I am getting legal advice .We signed the guarantee. But because we were sure that IN was taken them off after 5years the guarantee did not say this but the bank manager told us this and we have two documents from IN one saying that after 5years we would no longer be needed and on the other it says that we do not have to get insurance as my son would stand on his own and we would be only guarantor for a short time. The bank told us our names would come off after 5years that is why we helped our son for the 5 years and gave him our savings.
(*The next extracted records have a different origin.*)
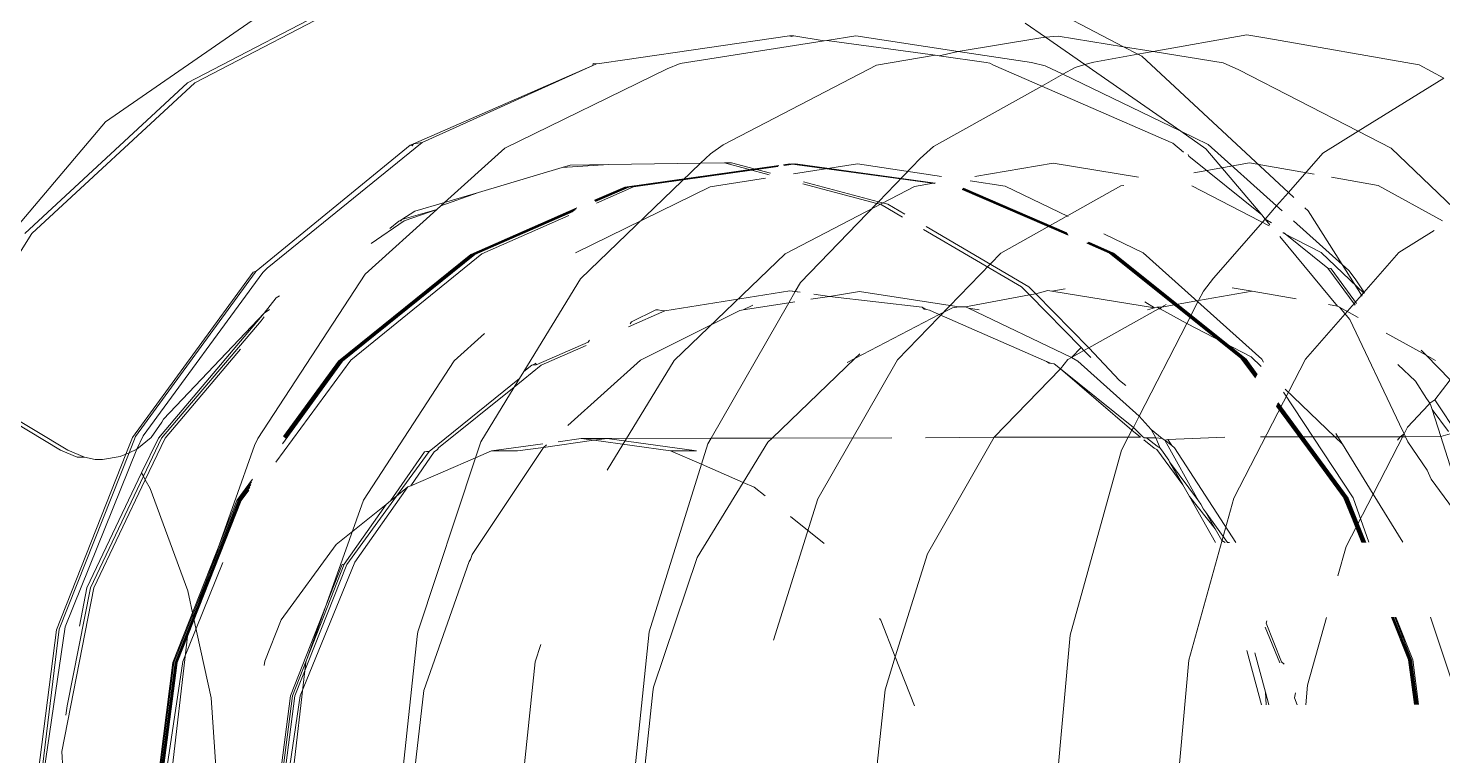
# Model space of a CAD drawing. Header units: millimetres. Extents: x 567392 to 582402, y 4512800 to 4518063.
# Drawn here: x 575578.735 to 575580.778, y 4514462.579 to 4514463.63 of the extents above; entities that cross this region are included whole.
import ezdxf

# ---------------------------------------------------------------- set-up
doc = ezdxf.new("R2010")
doc.units = ezdxf.units.MM
doc.layers.add('a_8', color=8, linetype='Continuous', lineweight=0)

# ---------------------------------------------------------------- blocks, each defined once
blk = doc.blocks.new('A$C4A613EE6')
for p, q in [((536.134, -438.328), (534.8, -438.752)), ((534.268, -438.836), (534.8, -438.486)), ((535.417, -438.893), (535.924, -438.514)), ((529.431, -439.063), (529.626, -438.71)), ((530.392, -439.947), (529.626, -438.71)), ((530.638, -439.469), (531.502, -438.564)), ((531.174, -439.655), (531.687, -438.727)), ((533.626, -438.965), (533.983, -438.616)), ((534.268, -438.836), (533.983, -438.616)), ((534.409, -438.877), (534.727, -438.642)), ((534.8, -438.752), (534.409, -438.877)), ((534.759, -438.616), (534.8, -438.752)), ((534.8, -438.752), (534.802, -439.263)), ((537.408, -438.903), (538.419, -438.564)), ((532.141, -439.358), (531.825, -438.847)), ((533.626, -438.965), (533.702, -438.828)), ((534.25, -438.959), (534.001, -439.116)), ((534.318, -438.909), (534.25, -438.959)), ((534.318, -438.909), (534.268, -438.836)), ((534.351, -438.895), (534.318, -438.909)), ((534.34, -438.928), (534.318, -438.909)), ((534.666, -439.232), (534.34, -438.928)), ((534.409, -438.877), (534.351, -438.895)), ((534.877, -439.228), (535.287, -438.949)), ((535.287, -438.949), (535.417, -438.893)), ((529.046, -441.265), (529.431, -439.063)), ((533.307, -439.541), (533.626, -438.965)), ((533.626, -438.965), (533.553, -439.036)), ((534.001, -439.116), (533.758, -439.371)), ((538.024, -439.158), (537.409, -439.403)), ((538.671, -439.098), (538.006, -439.199)), ((538.022, -439.183), (538.671, -439.106)), ((538.671, -439.074), (538.024, -439.158)), ((538.671, -439.088), (538.024, -439.173)), ((538.671, -439.103), (538.024, -439.188)), ((538.671, -439.118), (538.024, -439.202)), ((538.671, -439.133), (538.024, -439.217)), ((533.683, -440.705), (532.141, -439.358)), ((534.623, -439.348), (533.11, -440.067)), ((534.763, -439.282), (534.623, -439.348)), ((534.763, -439.282), (534.666, -439.232)), ((534.802, -439.263), (534.763, -439.282)), ((534.763, -439.282), (534.802, -439.337)), ((535.631, -439.729), (534.763, -439.282)), ((534.877, -439.228), (534.802, -439.263)), ((534.802, -439.263), (534.802, -439.337)), ((534.802, -439.337), (534.854, -439.377)), ((534.802, -439.337), (534.804, -440.238)), ((535.631, -439.729), (536.326, -439.299)), ((538.024, -439.173), (537.409, -439.418)), ((537.409, -439.402), (538.022, -439.183)), ((538.024, -439.188), (537.409, -439.433)), ((538.006, -439.199), (537.409, -439.444)), ((538.024, -439.202), (537.409, -439.448)), ((538.024, -439.217), (537.41, -439.462)), ((530.392, -439.947), (530.638, -439.469)), ((531.056, -440.329), (531.174, -439.655)), ((534.91, -440.171), (535.631, -439.729)), ((536.387, -440.119), (535.631, -439.729)), ((529.504, -441.67), (530.392, -439.947)), ((530.707, -440.456), (530.392, -439.947)), ((532.143, -440.48), (532.735, -439.86)), ((532.774, -439.89), (532.316, -440.178)), ((532.4, -440.32), (532.877, -439.969)), ((532.522, -439.987), (532.725, -439.852)), ((532.933, -440.216), (533.083, -439.946)), ((536.328, -439.889), (535.667, -440.16)), ((535.686, -440.02), (536.327, -439.79)), ((536.328, -439.835), (535.688, -440.09)), ((536.328, -439.85), (535.688, -440.105)), ((536.328, -439.865), (535.688, -440.12)), ((536.328, -439.879), (535.688, -440.135)), ((536.328, -439.894), (535.688, -440.149)), ((532.316, -440.178), (531.542, -440.666)), ((531.687, -440.88), (532.316, -440.178)), ((532.316, -440.178), (532.402, -440.082)), ((532.368, -440.385), (532.904, -439.989)), ((532.402, -440.082), (532.522, -439.987)), ((533.11, -440.067), (532.933, -440.216)), ((534.16, -441.025), (535.686, -440.02)), ((535.688, -440.09), (534.311, -441.103)), ((535.688, -440.105), (534.323, -441.109)), ((535.688, -440.12), (534.335, -441.115)), ((535.688, -440.135), (534.346, -441.121)), ((535.688, -440.149), (534.358, -441.127)), ((535.667, -440.16), (534.359, -441.127)), ((534.804, -440.282), (534.91, -440.171)), ((534.91, -440.171), (534.804, -440.238)), ((536.812, -440.237), (536.387, -440.119)), ((531.853, -441.025), (532.368, -440.385)), ((532.917, -440.246), (531.911, -441.077)), ((532.368, -440.385), (532.376, -440.342)), ((532.376, -440.342), (532.4, -440.32)), ((532.894, -440.373), (532.917, -440.246)), ((532.917, -440.246), (532.933, -440.216)), ((534.116, -441.002), (534.804, -440.282)), ((534.804, -440.238), (534.754, -440.27)), ((534.804, -440.238), (534.804, -440.282)), ((534.804, -440.282), (534.806, -441.358)), ((531.275, -440.953), (530.707, -440.456)), ((530.849, -441.515), (531.012, -440.582)), ((531.859, -441.031), (532.143, -440.48)), ((538.392, -440.678), (537.412, -440.404)), ((531.542, -440.666), (531.497, -440.714)), ((535.691, -441.74), (533.683, -440.705)), ((538.674, -440.703), (538.392, -440.678)), ((531.275, -440.953), (529.308, -443.072)), ((531.348, -440.875), (531.275, -440.953)), ((531.469, -441.123), (531.275, -440.953)), ((532.699, -441.478), (532.813, -440.841)), ((538.502, -440.849), (538.574, -440.863)), ((538.574, -440.863), (538.675, -440.826)), ((530.585, -442.11), (531.469, -441.123)), ((531.469, -441.123), (531.54, -441.044)), ((531.659, -441.289), (531.469, -441.123)), ((531.659, -441.289), (531.715, -441.197)), ((537.495, -441.274), (538.055, -441.051)), ((537.552, -441.29), (538.066, -441.079)), ((538.055, -441.051), (538.089, -441.014)), ((528.998, -441.552), (529.046, -441.265)), ((531.601, -441.339), (530.646, -442.143)), ((530.753, -442.391), (531.601, -441.339)), ((531.18, -442.349), (531.756, -441.232)), ((531.659, -441.289), (531.601, -441.339)), ((531.742, -441.22), (531.659, -441.289)), ((532.511, -442.033), (531.659, -441.289)), ((532.148, -443.052), (533.683, -441.339)), ((533.648, -441.492), (533.789, -441.344)), ((533.683, -441.339), (533.725, -441.311)), ((533.903, -441.403), (533.685, -441.564)), ((533.915, -441.409), (533.685, -441.578)), ((537.46, -441.265), (537.495, -441.274)), ((538.676, -441.34), (537.89, -441.552)), ((538.492, -441.284), (537.924, -441.437)), ((538.676, -441.234), (538.492, -441.284)), ((538.676, -441.274), (538.492, -441.284)), ((529.241, -442.905), (528.998, -441.552)), ((530.993, -442.319), (530.849, -441.515)), ((533.685, -441.564), (532.15, -443.478)), ((533.685, -441.578), (532.15, -443.493)), ((533.685, -441.593), (532.15, -443.508)), ((533.685, -441.608), (532.15, -443.523)), ((532.699, -441.478), (532.651, -441.765)), ((532.837, -442.25), (532.699, -441.478)), ((533.169, -442.421), (533.648, -441.492)), ((533.952, -441.428), (533.668, -441.638)), ((533.927, -441.415), (533.685, -441.593)), ((533.939, -441.421), (533.685, -441.608)), ((533.951, -441.427), (533.685, -441.623)), ((529.405, -441.895), (529.504, -441.67)), ((533.668, -441.638), (532.141, -443.534)), ((533.685, -441.623), (532.15, -443.537)), ((534.963, -442.597), (536.332, -441.712)), ((538.031, -442.392), (535.691, -441.74)), ((536.332, -441.834), (536.332, -441.805)), ((529.241, -442.905), (529.405, -441.895)), ((534.807, -441.869), (534.843, -442.692)), ((536.332, -442.004), (535.666, -442.383)), ((535.666, -442.383), (536.132, -442.012)), ((535.889, -442.15), (536.332, -441.834)), ((536.132, -442.012), (535.889, -442.15)), ((536.301, -441.916), (536.132, -442.012)), ((536.301, -441.916), (536.332, -441.865)), ((530.393, -442.506), (530.585, -442.11)), ((530.646, -442.143), (530.393, -442.506)), ((532.7, -442.179), (532.511, -442.033)), ((532.7, -442.179), (532.837, -442.25)), ((535.774, -442.216), (535.728, -442.249)), ((535.847, -442.18), (535.774, -442.216)), ((535.889, -442.15), (535.847, -442.18)), ((530.728, -442.399), (530.753, -442.391)), ((532.837, -442.25), (533.169, -442.421)), ((532.934, -442.788), (532.837, -442.25)), ((532.956, -442.803), (533.169, -442.421)), ((533.169, -442.421), (534.504, -443.109)), ((535.728, -442.249), (534.854, -442.739)), ((535.165, -442.668), (535.728, -442.249)), ((535.498, -442.478), (535.666, -442.383)), ((540.542, -442.617), (538.031, -442.392)), ((530.393, -442.506), (529.43, -443.891)), ((529.569, -444.21), (530.393, -442.506)), ((530.552, -442.645), (530.566, -442.623)), ((530.566, -442.623), (530.692, -442.467)), ((534.927, -442.637), (534.843, -442.692)), ((534.854, -442.739), (534.927, -442.637)), ((534.963, -442.597), (534.927, -442.637)), ((534.988, -442.854), (535.498, -442.478)), ((535.498, -442.478), (535.165, -442.668)), ((530.016, -443.884), (530.552, -442.645)), ((532.934, -442.788), (532.894, -442.717)), ((532.934, -442.788), (532.933, -442.855)), ((532.956, -442.803), (532.933, -442.855)), ((532.956, -442.803), (532.934, -442.788)), ((532.958, -442.831), (532.956, -442.803)), ((533.52, -443.836), (532.958, -442.831)), ((534.697, -442.934), (534.826, -442.774)), ((534.826, -442.774), (534.817, -442.866)), ((534.97, -442.807), (534.817, -442.866)), ((534.854, -442.739), (534.826, -442.774)), ((534.843, -442.692), (534.854, -442.739)), ((534.941, -442.85), (534.97, -442.807)), ((534.993, -442.785), (534.97, -442.807)), ((534.993, -442.785), (535.14, -442.682)), ((535.14, -442.682), (535.165, -442.668)), ((529.171, -443.334), (529.241, -442.905)), ((529.28, -443.125), (529.241, -442.905)), ((532.942, -442.889), (532.701, -444.37)), ((532.942, -442.889), (532.857, -443.027)), ((532.933, -442.855), (532.942, -442.889)), ((532.942, -442.889), (532.969, -442.987)), ((534.504, -443.109), (534.697, -442.934)), ((534.817, -442.866), (534.697, -442.934)), ((534.797, -443.061), (534.819, -443.034)), ((534.817, -442.866), (534.818, -443.003)), ((534.818, -443.003), (534.941, -442.85)), ((534.819, -443.034), (534.818, -443.003)), ((534.846, -443.042), (534.969, -442.89)), ((534.969, -442.89), (534.988, -442.854)), ((529.28, -443.125), (529.171, -443.334)), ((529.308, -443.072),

We will just have to see what happens next but thanks to all of you

Pet


----------



## Bronte (29 Apr 2014)

Pet said:


> we have offered to sell the house
> 
> and our family said they would help us with some payback on the shortfall.


 
Whatever you do, do not put those two options to the bank.


----------



## Pet (29 Apr 2014)

*Guarantor option*

Hi bro it 

Thanks but no we won't we are learning a lot about banks and the legal 
System.  We used to take things at face value but not anymore. 
We are going to get pass this somehow and come out the other end just like all the other people please God.  For now I have to look after my health.

Thanks pet


----------



## 44brendan (29 Apr 2014)

You say you have a document from IN stating that they will only need the Guarantee for 5 years. Is this a signed document? If so you may well have a good case to refute the current validity of the guarantee. Courts would generally tend to side with a consumer on such matters. Also, you will need to get copies of the guarantee.
I take it that neither the loan nor the guaranteed has yet been called in by the Bank. You should not take any action until this happens. If/when it does go to a good solicitor. You will need proper legal representation and he/she should be experienced in handling similar transactions. You may well find that there are problems in the paperwork. Particularly given your account of the correspondence received from IN.


----------



## Pet (29 Apr 2014)

*Guarantor option*

Hi Brendan
Yes it is signed by the bank manager
Both letters.they were letters that the bank were doing when they were applying 
For the mortgage . They are not legal documents
Thanks pet


----------



## Pet (6 May 2014)

*Guarantor option*

Hi 
Does anyone know why all the documents you sign on the day of closer
Is all dated the same but the guarantee one is dated  nearly a month later and after the date of the first installment of your mortgage. 

Pet


----------